• **What to work on**
Every line in the data below that holds "blocks" should be found and copied.

##### Material supplied

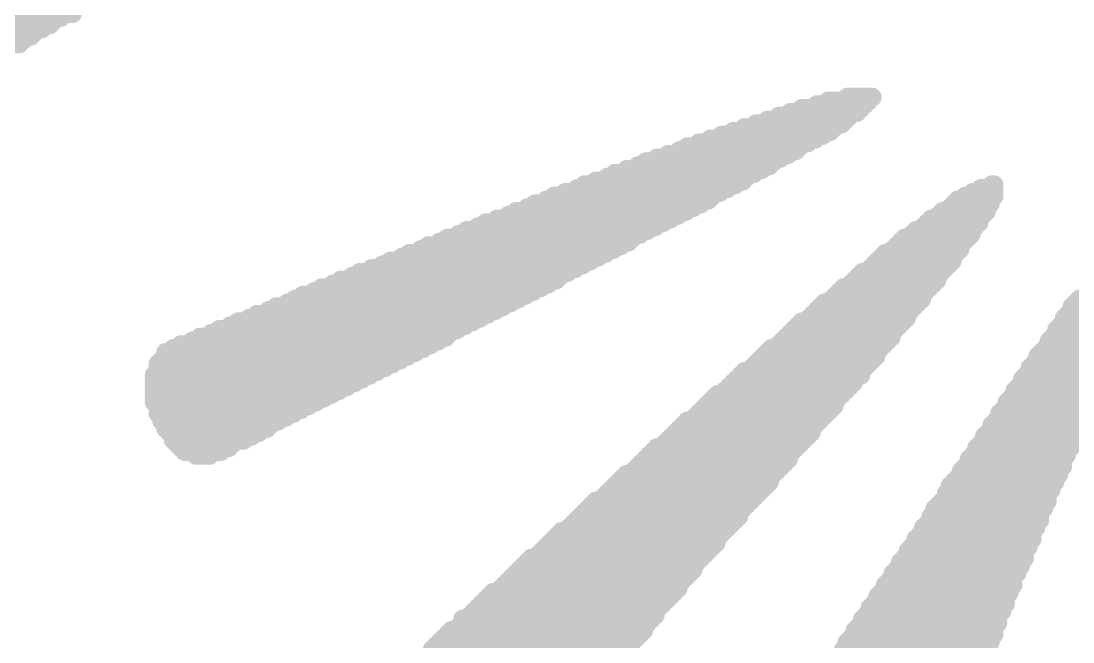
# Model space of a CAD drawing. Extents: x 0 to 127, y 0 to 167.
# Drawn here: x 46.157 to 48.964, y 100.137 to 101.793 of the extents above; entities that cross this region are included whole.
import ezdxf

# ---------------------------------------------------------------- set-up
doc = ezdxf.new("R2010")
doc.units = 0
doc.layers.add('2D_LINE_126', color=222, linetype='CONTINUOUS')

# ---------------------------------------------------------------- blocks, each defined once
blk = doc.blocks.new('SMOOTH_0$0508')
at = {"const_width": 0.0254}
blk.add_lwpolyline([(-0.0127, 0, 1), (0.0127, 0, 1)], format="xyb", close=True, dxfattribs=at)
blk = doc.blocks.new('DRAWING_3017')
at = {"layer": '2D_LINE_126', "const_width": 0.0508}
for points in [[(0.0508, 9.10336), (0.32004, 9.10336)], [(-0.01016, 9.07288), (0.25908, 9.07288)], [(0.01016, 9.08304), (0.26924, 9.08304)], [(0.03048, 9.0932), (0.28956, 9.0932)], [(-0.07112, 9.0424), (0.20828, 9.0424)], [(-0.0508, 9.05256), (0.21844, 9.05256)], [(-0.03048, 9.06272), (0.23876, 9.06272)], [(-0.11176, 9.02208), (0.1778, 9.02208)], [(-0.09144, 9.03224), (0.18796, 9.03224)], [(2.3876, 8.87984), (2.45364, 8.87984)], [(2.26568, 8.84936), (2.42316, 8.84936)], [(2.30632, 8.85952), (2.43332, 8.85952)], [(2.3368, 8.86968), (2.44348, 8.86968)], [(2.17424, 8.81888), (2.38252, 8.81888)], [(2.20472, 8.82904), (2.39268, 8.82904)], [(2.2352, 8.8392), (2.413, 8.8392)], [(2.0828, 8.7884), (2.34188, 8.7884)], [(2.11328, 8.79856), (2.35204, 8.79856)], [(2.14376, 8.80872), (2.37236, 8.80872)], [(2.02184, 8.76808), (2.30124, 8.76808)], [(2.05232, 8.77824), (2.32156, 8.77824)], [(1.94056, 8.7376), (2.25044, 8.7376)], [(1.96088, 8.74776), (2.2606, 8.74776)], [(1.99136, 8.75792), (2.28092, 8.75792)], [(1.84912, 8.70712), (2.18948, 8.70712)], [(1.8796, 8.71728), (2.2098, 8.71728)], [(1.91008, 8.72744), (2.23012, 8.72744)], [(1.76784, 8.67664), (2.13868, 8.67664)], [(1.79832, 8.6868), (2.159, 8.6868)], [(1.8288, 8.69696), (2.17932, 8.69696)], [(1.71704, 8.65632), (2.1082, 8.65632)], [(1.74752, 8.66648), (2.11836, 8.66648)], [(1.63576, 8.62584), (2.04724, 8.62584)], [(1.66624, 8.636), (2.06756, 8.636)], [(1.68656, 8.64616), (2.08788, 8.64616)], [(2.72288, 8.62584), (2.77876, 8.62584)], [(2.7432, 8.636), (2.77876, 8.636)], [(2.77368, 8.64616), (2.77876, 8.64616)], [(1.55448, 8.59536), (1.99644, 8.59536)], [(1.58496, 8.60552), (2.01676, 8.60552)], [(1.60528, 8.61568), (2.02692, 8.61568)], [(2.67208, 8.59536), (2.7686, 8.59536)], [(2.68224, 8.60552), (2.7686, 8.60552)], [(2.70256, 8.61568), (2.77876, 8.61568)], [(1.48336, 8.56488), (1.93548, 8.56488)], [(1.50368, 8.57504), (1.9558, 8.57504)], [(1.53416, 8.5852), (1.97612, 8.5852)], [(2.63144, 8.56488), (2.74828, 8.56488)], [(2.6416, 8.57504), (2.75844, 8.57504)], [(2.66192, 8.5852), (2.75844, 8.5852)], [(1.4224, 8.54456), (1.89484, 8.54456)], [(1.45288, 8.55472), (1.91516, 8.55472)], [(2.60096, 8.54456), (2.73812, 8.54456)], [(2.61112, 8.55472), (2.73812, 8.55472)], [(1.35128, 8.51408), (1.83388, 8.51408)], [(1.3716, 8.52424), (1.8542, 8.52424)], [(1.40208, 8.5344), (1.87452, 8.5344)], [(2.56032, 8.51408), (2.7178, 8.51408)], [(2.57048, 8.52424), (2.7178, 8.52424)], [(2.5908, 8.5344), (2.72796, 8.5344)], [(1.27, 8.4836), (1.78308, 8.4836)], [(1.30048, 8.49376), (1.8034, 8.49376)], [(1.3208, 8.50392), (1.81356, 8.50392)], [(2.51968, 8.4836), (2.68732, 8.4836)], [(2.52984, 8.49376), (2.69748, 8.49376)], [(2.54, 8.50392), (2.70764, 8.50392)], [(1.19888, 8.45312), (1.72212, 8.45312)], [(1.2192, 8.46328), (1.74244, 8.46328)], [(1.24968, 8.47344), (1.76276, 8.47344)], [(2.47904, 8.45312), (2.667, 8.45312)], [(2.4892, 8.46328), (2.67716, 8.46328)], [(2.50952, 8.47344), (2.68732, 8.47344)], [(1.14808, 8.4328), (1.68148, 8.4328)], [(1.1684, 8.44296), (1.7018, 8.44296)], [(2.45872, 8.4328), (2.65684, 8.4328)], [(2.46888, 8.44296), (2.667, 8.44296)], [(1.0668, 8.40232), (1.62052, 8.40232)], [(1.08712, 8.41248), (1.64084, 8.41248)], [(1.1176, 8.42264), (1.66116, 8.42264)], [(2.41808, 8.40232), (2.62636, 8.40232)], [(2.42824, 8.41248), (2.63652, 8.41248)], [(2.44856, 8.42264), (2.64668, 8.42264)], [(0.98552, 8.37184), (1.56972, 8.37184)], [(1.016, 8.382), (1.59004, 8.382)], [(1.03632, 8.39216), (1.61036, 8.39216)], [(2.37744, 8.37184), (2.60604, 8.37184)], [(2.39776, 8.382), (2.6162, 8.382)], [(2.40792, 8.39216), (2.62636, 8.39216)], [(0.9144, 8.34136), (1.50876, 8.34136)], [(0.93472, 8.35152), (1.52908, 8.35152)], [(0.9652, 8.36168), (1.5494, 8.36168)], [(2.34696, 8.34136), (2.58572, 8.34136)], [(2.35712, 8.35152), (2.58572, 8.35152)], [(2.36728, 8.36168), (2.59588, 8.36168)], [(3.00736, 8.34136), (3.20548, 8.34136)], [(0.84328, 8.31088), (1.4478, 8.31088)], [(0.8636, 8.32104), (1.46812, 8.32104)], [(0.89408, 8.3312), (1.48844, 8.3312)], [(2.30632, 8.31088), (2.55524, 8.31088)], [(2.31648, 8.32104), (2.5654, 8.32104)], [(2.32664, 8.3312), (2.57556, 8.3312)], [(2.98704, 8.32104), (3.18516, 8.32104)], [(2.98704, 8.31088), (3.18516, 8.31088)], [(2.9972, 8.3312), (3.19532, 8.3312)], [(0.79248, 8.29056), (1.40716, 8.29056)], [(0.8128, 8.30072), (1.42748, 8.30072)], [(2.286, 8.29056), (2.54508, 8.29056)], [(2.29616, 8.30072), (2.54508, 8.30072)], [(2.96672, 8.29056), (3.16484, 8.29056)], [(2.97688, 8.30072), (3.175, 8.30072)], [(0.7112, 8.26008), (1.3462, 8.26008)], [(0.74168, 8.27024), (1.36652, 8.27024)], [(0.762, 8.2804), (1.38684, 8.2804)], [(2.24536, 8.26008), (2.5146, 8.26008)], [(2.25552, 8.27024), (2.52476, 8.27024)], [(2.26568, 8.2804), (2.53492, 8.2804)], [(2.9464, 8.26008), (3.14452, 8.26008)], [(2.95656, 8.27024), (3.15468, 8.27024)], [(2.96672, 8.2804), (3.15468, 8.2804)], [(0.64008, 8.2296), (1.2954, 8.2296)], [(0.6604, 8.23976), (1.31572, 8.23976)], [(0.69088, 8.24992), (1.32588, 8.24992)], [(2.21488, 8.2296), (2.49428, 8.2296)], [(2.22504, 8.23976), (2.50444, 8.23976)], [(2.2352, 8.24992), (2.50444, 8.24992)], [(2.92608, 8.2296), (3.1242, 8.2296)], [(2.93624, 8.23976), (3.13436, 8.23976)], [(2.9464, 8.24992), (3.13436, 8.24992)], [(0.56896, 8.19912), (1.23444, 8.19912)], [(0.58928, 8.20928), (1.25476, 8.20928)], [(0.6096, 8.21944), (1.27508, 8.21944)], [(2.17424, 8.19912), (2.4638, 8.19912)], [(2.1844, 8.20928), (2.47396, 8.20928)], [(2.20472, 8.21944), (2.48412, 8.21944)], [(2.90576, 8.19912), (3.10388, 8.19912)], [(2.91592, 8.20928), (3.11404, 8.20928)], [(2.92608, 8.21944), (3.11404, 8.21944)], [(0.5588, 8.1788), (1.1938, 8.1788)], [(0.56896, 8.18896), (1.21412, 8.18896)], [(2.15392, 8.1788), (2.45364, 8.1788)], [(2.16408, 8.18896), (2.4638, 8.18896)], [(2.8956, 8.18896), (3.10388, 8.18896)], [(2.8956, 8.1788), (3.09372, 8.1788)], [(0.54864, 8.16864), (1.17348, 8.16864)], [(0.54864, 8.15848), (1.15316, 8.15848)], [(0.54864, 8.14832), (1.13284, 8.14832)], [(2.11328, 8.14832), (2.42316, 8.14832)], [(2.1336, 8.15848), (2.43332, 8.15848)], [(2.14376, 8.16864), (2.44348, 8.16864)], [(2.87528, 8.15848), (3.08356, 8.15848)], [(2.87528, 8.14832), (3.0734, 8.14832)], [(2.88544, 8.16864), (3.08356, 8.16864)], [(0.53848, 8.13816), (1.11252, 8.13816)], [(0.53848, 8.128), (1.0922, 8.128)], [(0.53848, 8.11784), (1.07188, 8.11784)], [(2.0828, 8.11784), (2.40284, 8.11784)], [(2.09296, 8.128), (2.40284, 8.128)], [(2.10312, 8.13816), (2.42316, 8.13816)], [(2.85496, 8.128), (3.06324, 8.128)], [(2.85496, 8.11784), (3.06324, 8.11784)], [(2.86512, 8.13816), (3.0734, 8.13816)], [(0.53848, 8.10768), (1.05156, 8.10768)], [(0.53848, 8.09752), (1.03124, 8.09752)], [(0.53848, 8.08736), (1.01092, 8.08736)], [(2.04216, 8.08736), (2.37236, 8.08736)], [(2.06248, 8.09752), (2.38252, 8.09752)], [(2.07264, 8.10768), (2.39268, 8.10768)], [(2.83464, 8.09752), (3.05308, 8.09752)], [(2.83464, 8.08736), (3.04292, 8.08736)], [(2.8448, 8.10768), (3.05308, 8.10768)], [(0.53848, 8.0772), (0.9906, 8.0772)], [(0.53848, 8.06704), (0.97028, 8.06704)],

##########

• **Solution to this exercise**
# ---------------------------------------------------------------- blocks, each defined once
blk = doc.blocks.new('SMOOTH_0$0508')
blk = doc.blocks.new('DRAWING_3017')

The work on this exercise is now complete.